Hürriyet Daily News
Oluşturulma Tarihi: Şubat 24, 2009 00:00
ISTANBUL - An eerily familiar pattern emerges from reactive protectionism in the face of crisis. A panel of historians remember the Turkish-Greek population exchange of 1923, and the perceived need for demographic homogeneity which may have destroyed ’cosmopolitanism for good’
A panel of Turkish, Greek and British academics has claimed that the strong nationalist sentiments like the one that resulted in the Turkish-Greek population exchange in 1923 poses a risk in times of financial crisis.
At a conference held Friday at Istanbul’s Bilgi University, the represented academics warned that such attitudes were an underlying and dangerous precept in Turkish policy.
"Turkey and Greece would both be very different places today had there been no abrupt change in demographics, said Bruce Clark, the international security editor of the Economist magazine and author of "Twice a Stranger: Greece, Turkey, and the Minorities They Expelled." The book focuses on the 1923 Treaty of Lausanne, which marked the end of the Turkish War of Independence, the founding of the modern Republic, and the demographic displacement of about 500,000 ethnic Turks from Greece and 1.5 million ethnic Greeks from Turkish territory.
Clark describes the Lausanne Conference as "successful in its own perverse terms." but questions the legitimacy of its basic assumptions, as nearly a century later debates on the importance of a homogenous nation are again at the forefront. In times of crisis, it is particularly easy to turn to ideas of ancient hatred, all the panelists warned.
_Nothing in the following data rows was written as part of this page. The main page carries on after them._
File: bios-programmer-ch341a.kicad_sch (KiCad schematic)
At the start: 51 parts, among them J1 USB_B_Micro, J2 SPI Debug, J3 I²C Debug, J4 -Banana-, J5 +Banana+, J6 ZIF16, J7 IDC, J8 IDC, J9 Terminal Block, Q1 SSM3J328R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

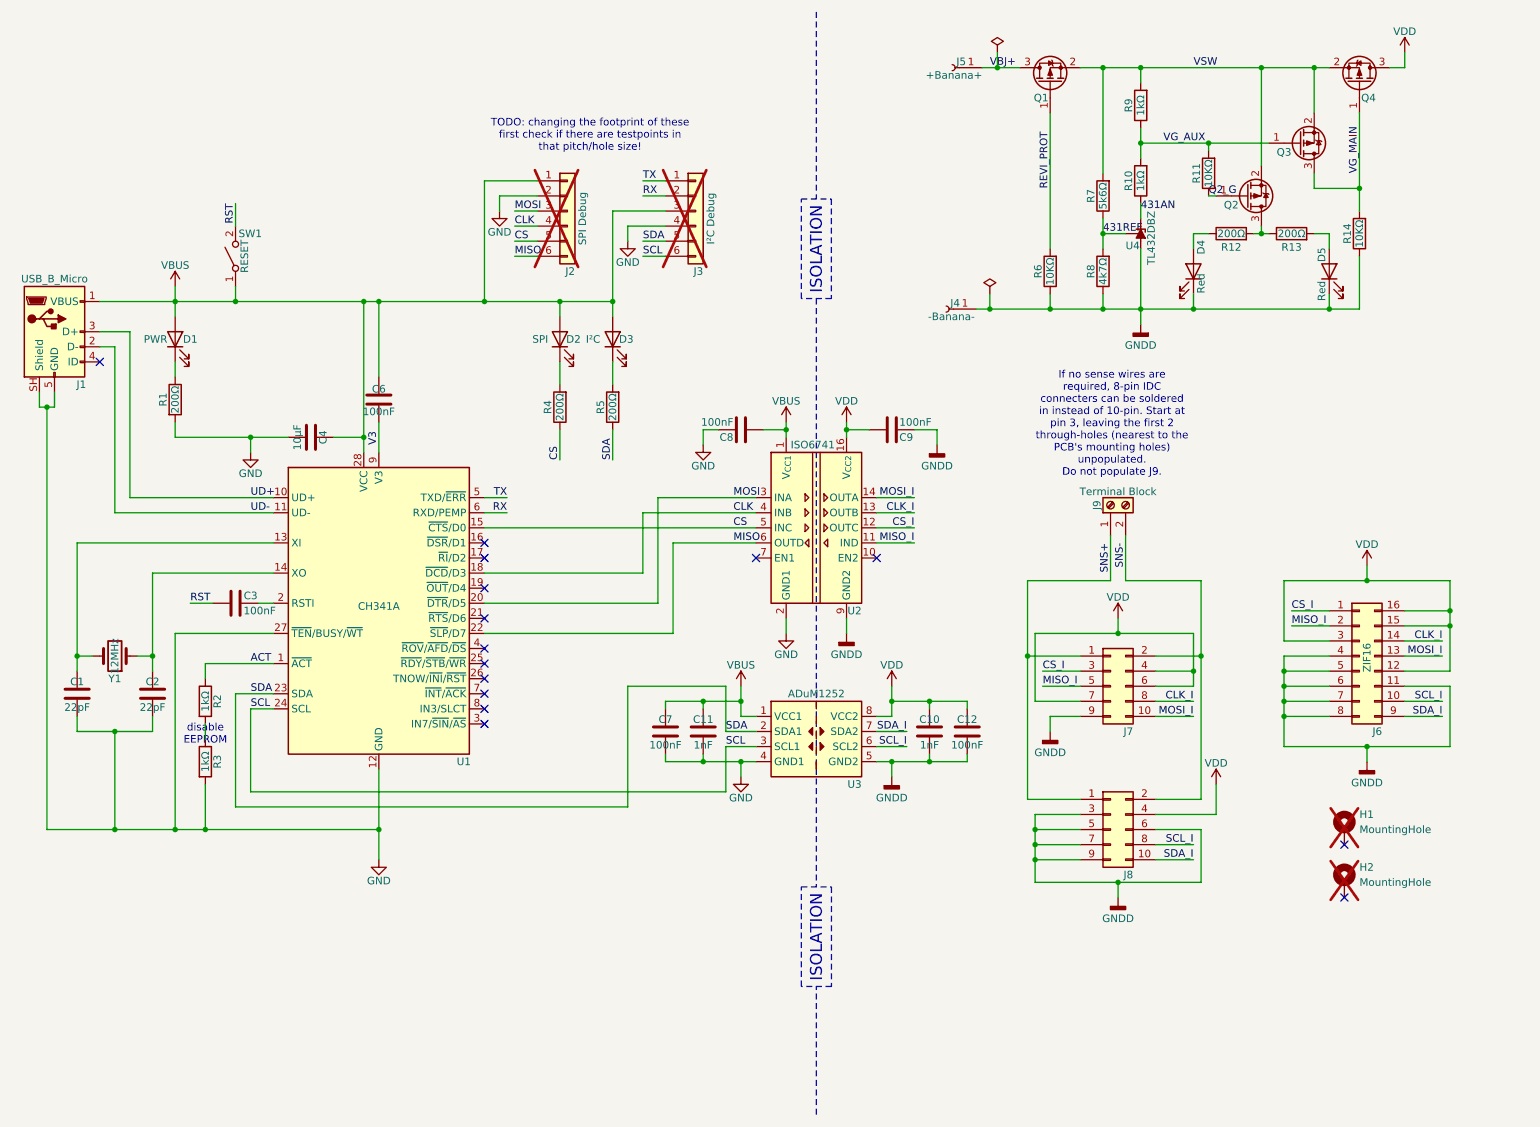
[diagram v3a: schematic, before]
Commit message: SCH/PCB: pull-up & current-limiting resistors on signal lines where needed
I don't know if this is useful let alone beneficial.
The pull-up resistors on SPI & I2C signals should theoretically improve the
current that is delivered out through the IDC connectors, right?

The current-limiting resistors may or may not be a good thing. WP and RST on
the SPI IDC connector were directly connected to VDD (the external lab power
supplies' output). In theory other ICs connected to these lines could poten-
tially be powered through them. Of course, it may reduce the current required
on these pins below the HIGH signal. If it's an issue I can always replace
these with 0-Ohm jumper resistors.

Routing isn't really nice though.
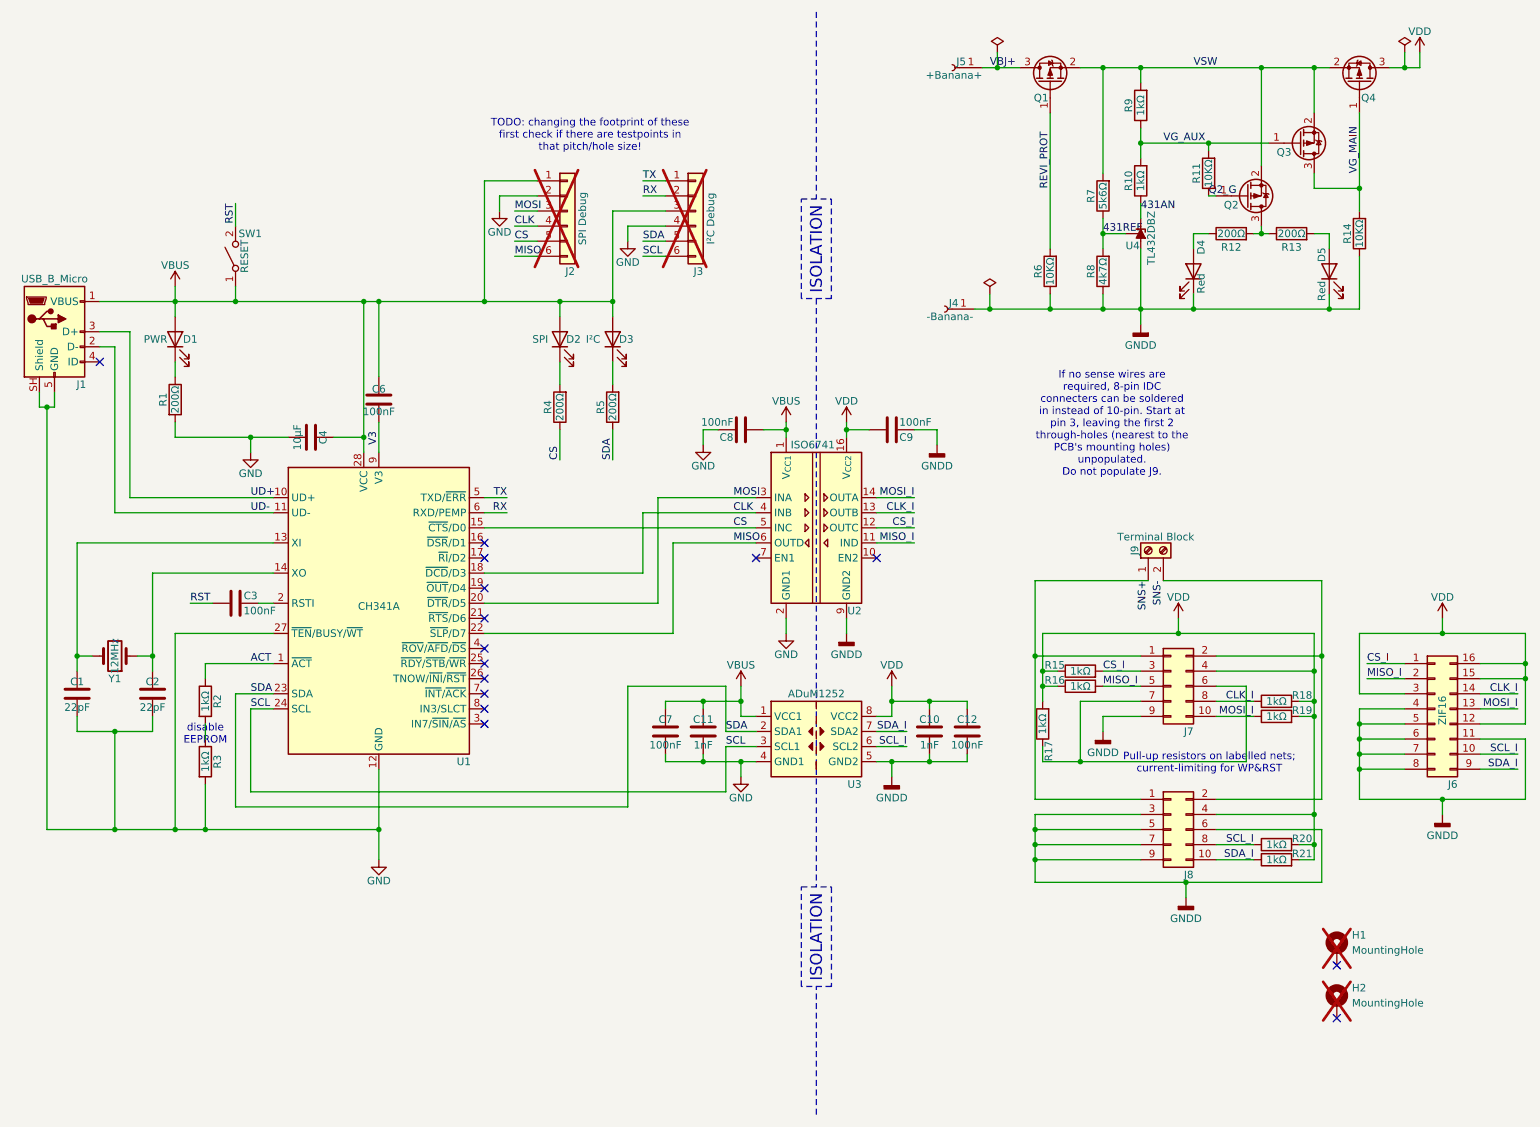
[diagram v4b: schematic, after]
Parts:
- added R15, R16, R17, R18, R19, R20, R21: 1kΩ, Resistor_SMD:R_0603_1608Metric_Pad0.98x0.95mm_HandSolder, symbol Device:R
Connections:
- net CLK_I: now also R18.1
- net CS_I: now also R15.2
- net MISO_I: now also R16.2
- net MOSI_I: now also R19.1
- net SCL_I: now also R20.1
- net SDA_I: now also R21.1
- net VDD: now also R15.1, R16.1, R17.2, R18.2, R19.2, R20.2, R21.2; no longer J7.6 (Pin_6), J7.7 (Pin_7)
- new net: J7.6 (Pin_6), J7.7 (Pin_7), R17.1
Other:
- moved on the sheet: H1, H2, J6, J7, J8, J9

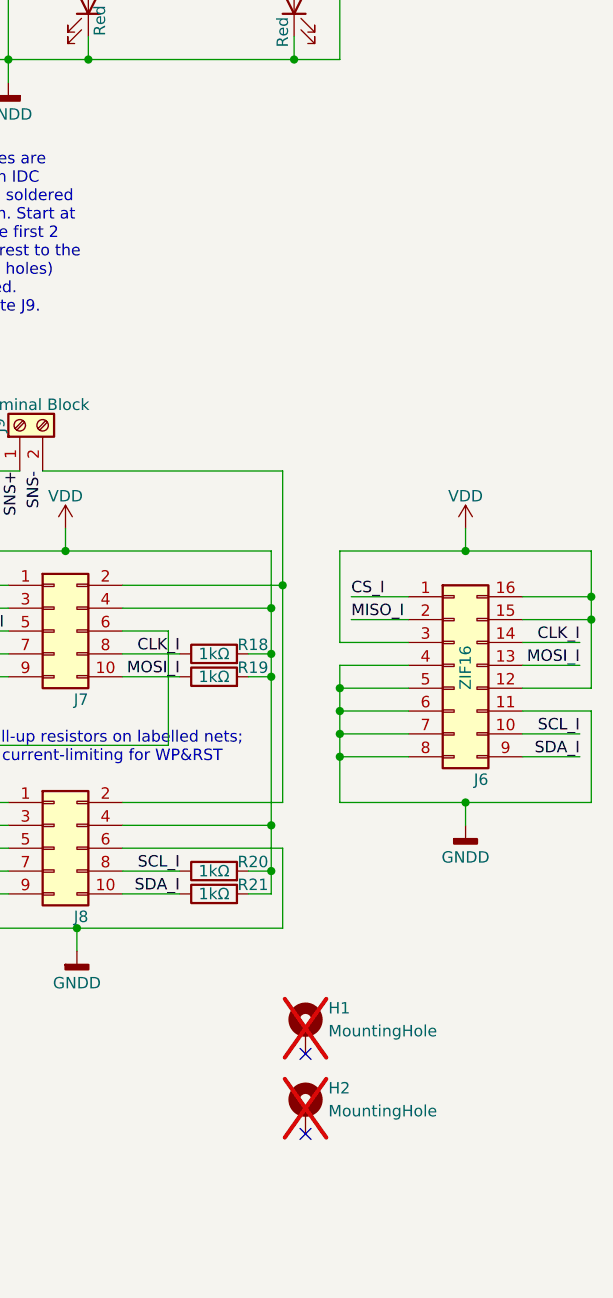
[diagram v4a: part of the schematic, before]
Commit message: PCB/SCH: updated part numbers & reset FAB layer fonts to Kicad default font
There was no reason I wanted to change the fonts for any other than the silk-
screen layers. No need to do this, it only complicates things.

Part numbers were chosen to be as cheap as possible for small-scale production
as I always do.
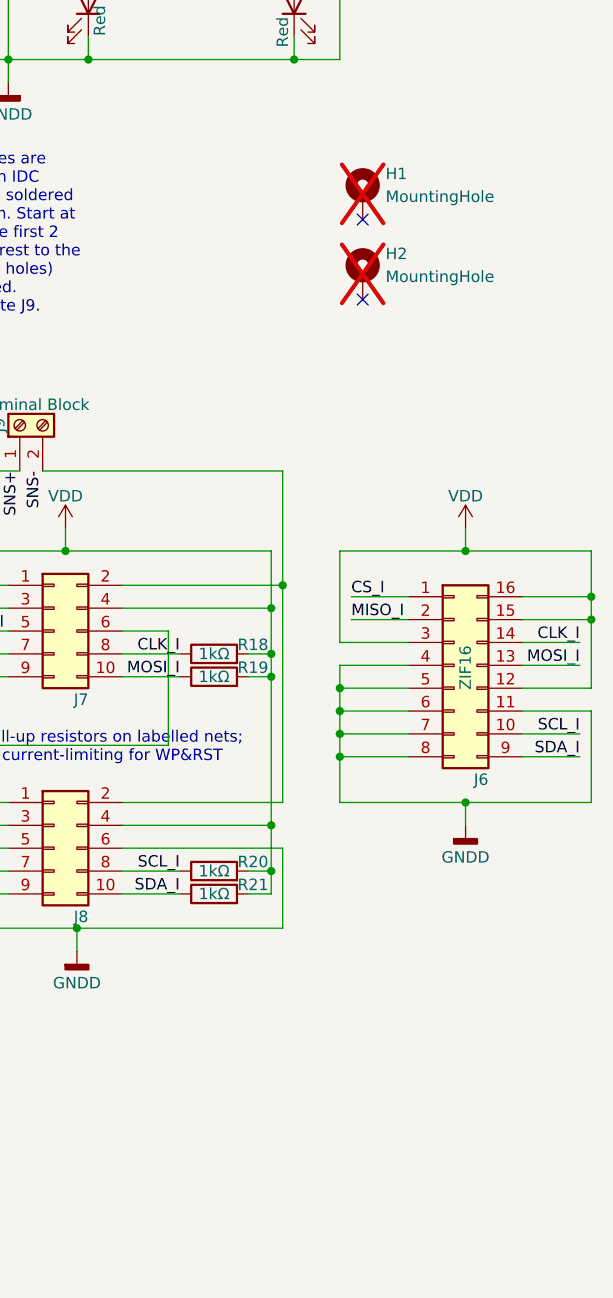
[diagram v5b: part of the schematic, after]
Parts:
- C1, C2: Part 06035A270GAT2A -> KGM15ACG1H270GT
- C10, C11: AltMfr1 Samsung -> KYOCERA AVX; AltPart1 CL10B102KB8NNNC -> 06035C102K4Z4A; Mfr Murata -> YAGEO; Part GRM033R71H102KA12D -> AC0603KRX7R0BB102
- C4: footprint Capacitor_SMD:C_1206_3216Metric_Pad1.33x1.80mm_HandSolder -> Capacitor_SMD:C_0805_2012Metric; AltMfr1 (none) -> Murata Electronics; AltPart1 (none) -> GRM21BR71A106KA73L; Mfr Taiyo Yuden -> Samsung Electro-Mechanics; Part JMK212B7106KG-T -> CL21A106KOQNNNF
- J7, J8: AltMfr1 Wurth Elektronik -> Adam Tech; AltPart1 61201021721 -> BHR-10-HUA; Mfr TE Connectivity -> Wurth Elektronik; Part 1761682-3 -> 61201021721
- J9: AltMfr1 Molex -> TE Connectivity; AltPart1 39773-0002 -> 282834-2; Mfr TE Connectivity -> GCT; Part 282834-2 -> TBC05-02-1-G-G
- R10, R15, R16, R17, R18, R19, R2, R20, R21, R3, R9: AltMfr1 (none) -> Bourns Inc; AltPart1 (none) -> CR0603-JW-102ELF
- R7: AltMfr1 (none) -> Yageo; AltPart1 (none) -> RT0603DRE075K6L
- R8: AltMfr1 (none) -> Panasonic; AltPart1 (none) -> ERA-3AEB472V; Part RR0816P-4641-D-65H -> RG1608P-472-D-T5
- U3: AltMfr1 (none) -> Analog Devices; AltPart1 (none) -> ADUM1252ASA+T
- U4: Part TL432DBZ -> TL432LIBCDBZ
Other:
- moved on the sheet: H1, H2

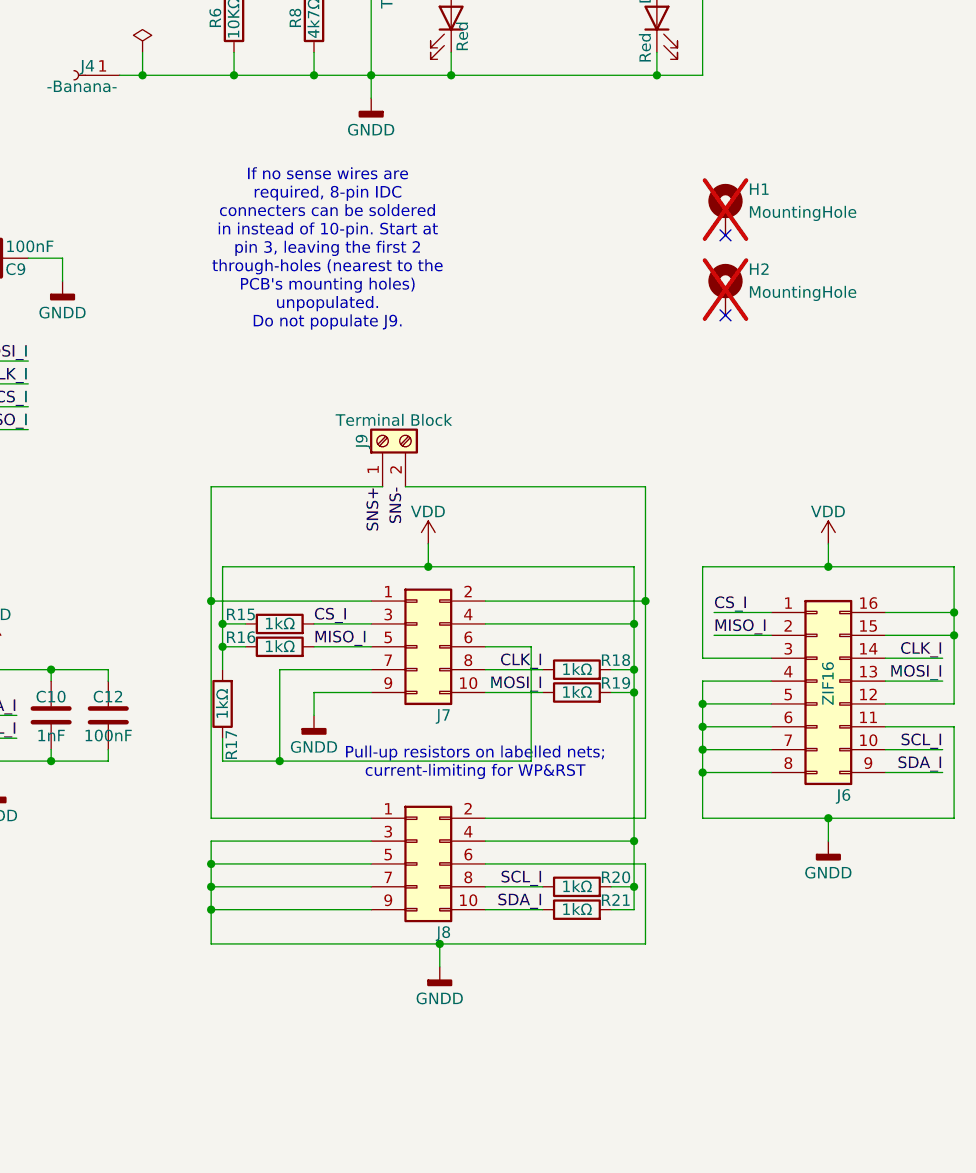
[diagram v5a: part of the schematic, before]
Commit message: 200 ohm current limiter resistor TODO calc
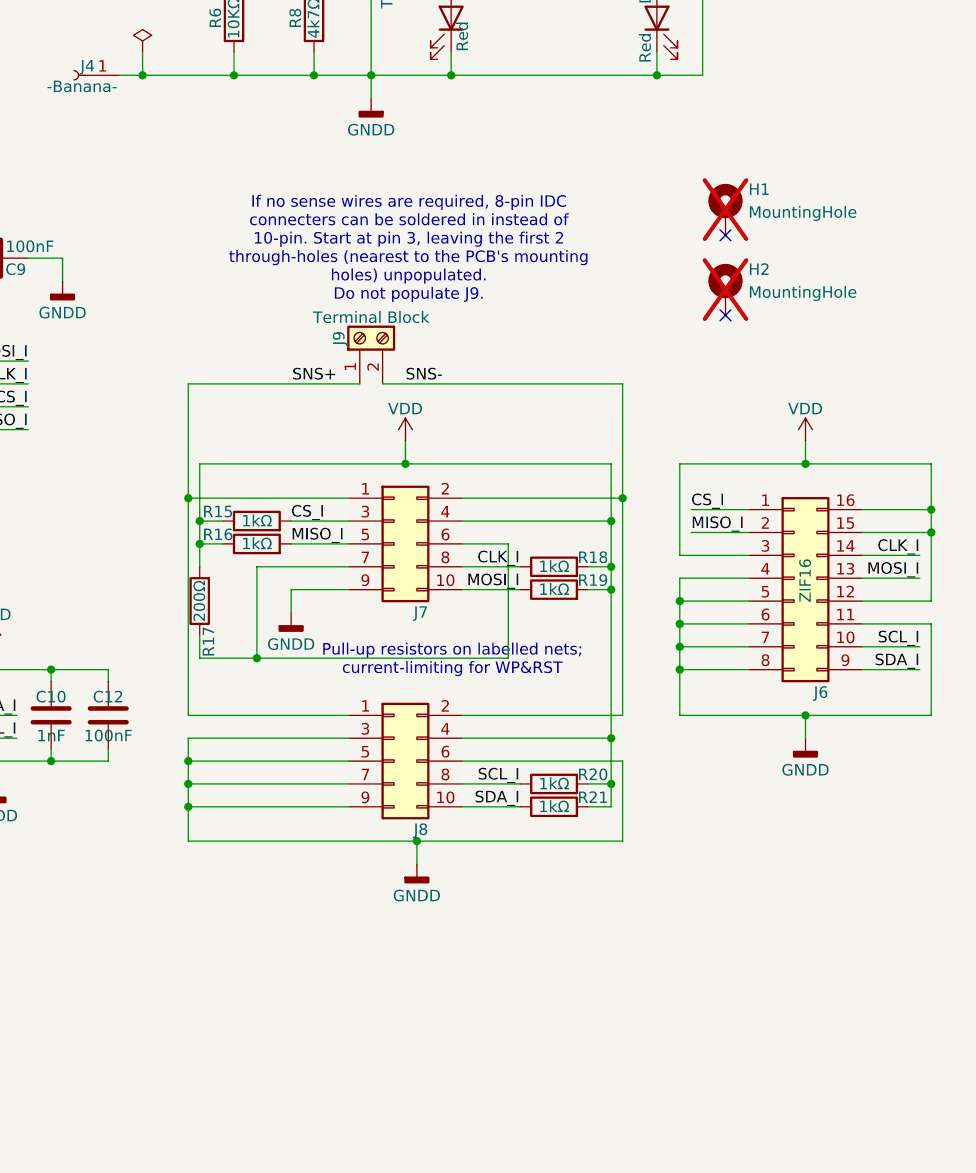
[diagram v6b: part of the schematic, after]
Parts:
- R17: value 1kΩ -> 200Ω; AltMfr1 Bourns Inc -> (none); AltPart1 CR0603-JW-102ELF -> (none); Mfr Royalohm -> Panasonic; Part CQ03WAJ0102T5E -> ERJ-3EKF2000V
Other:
- moved on the sheet: J6, J7, J8, J9, R15, R16, R18, R19, R20, R21

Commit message: SCH/PCB: 200Ohm current limiting resistor part numbers updated
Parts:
- D1: AltMfr1 Lite-On Inc -> Inolux; AltPart1 LTST-C170TBKT -> IN-S63AT5B; Mfr Inolux -> Liteon; Part IN-S85AT5B -> LTST-C194TBKT
- J9: AltMfr1 TE Connectivity -> (none); AltPart1 282834-2 -> (none)
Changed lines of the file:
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@@
 			)
 		)
-		(property "AltMfr1" "Lite-On Inc"
+		(property "AltMfr1" "Inolux"
 			(at 53.34 67.31 90)
 			(hide yes)
@@
 			)
 		)
-		(property "AltPart1" "LTST-C170TBKT"
+		(property "AltPart1" "IN-S63AT5B"
 			(at 53.34 67.31 90)
 			(hide yes)
@@
 			)
 		)
-		(property "Mfr" "Inolux"
+		(property "Mfr" "Liteon"
 			(at 53.34 67.31 90)
 			(hide yes)
@@
 			)
 		)
-		(property "Part" "IN-S85AT5B"
+		(property "Part" "LTST-C194TBKT"
 			(at 53.34 67.31 90)
 			(hide yes)
@@
 			(at 214.63 91.44 0)
 			(hide yes)
-			(show_name no)
-			(do_not_autoplace no)
-			(effects
-				(font
-					(size 1.27 1.27)
-				)
-			)
-		)
-		(property "AltMfr1" "TE Connectivity"
-			(at 214.63 91.44 0)
-			(hide yes)
-			(show_name no)
-			(do_not_autoplace no)
-			(effects
-				(font
-					(size 1.27 1.27)
-				)
-			)
-		)
-		(property "AltPart1" "282834-2"
-			(at 214.63 91.44 0)
-			(hide yes)

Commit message: permission statement ... TODO
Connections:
- net at J7.6 (Pin_6), R17.1: no longer J7.7 (Pin_7)
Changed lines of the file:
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@@
-	)
-	(junction
-		(at 203.2 127)
-		(diameter 0)
-		(color 0 0 0 0)
 	)
 	(junction
@@
 	(wire
 		(pts
-			(xy 203.2 116.84) (xy 213.36 116.84)
-		)
-		(stroke
-			(width 0)
-			(type default)
-		)
-	)
-	(wire
-		(pts
 			(xy 236.22 48.26) (xy 236.22 49.53)
 		)
@@
 	(wire
 		(pts
-			(xy 203.2 116.84) (xy 203.2 127)
-		)
-		(stroke
-			(width 0)
-			(type default)
-		)
-	)
-	(wire
-		(pts
 			(xy 132.08 43.18) (xy 135.89 43.18)
 		)
@@
 	(wire
 		(pts
-			(xy 196.85 127) (xy 203.2 127)
+			(xy 196.85 127) (xy 231.14 127)
 		)
 		(stroke
@@
 		)
 		(stroke
-			(width 0)
-			(type default)
-		)
-	)
-	(wire
-		(pts
-			(xy 203.2 127) (xy 231.14 127)
-		)
-		(stroke

Nationalist feelings and harsh stereotypes are usually fickle and quickly formed, but a nationalism that "deals in eternal truths and almost religious value" is dangerous for the successful development of a healthy national identity, Clark said.
Population exchange
The population exchange was an essential tool in the formation of the young republic, Clark said, as it facilitated the grounding of Turkey’s "self-conscious" secularism in the fertile land of religious uniformity.
With the advance of industrialization inevitably bound to create class division and inequality, he explained, it would be easier for poorer classes to accept domination from groups religiously or ethnically similar to them, rather than foment hatred toward those perceived as foreign.
Clark sees Lausanne as an "overwhelming convergence of state interests at the cost of the lives of ordinary people" and warns that prioritizing government interests over the well-being of the people they govern is still an all-too common reality in politics today.
Harry Tzimitras, the Greek co-director of the Division of Turkish-Greek Studies at Bilgi University, noted that a confederation between Turkey and Greece had been a popular idea among academics at the turn of last century, but that the population exchange managed to turn "states against state, and parts of a nation against itself."
The academics warned against the dangers of historical determinism and short-term collective memory, which impedes people from seeing beyond present prejudices. In divided Cyprus today, the demographic group most opposed to a return to pre-1974 co-habitation are those between the ages of 18-25, the very ones who never lived among the people they have been told are different, Tzimitras explained. The professor mused that "one can’t help but be nostalgicÉ and wonder if cosmopolitanism has been lost for good."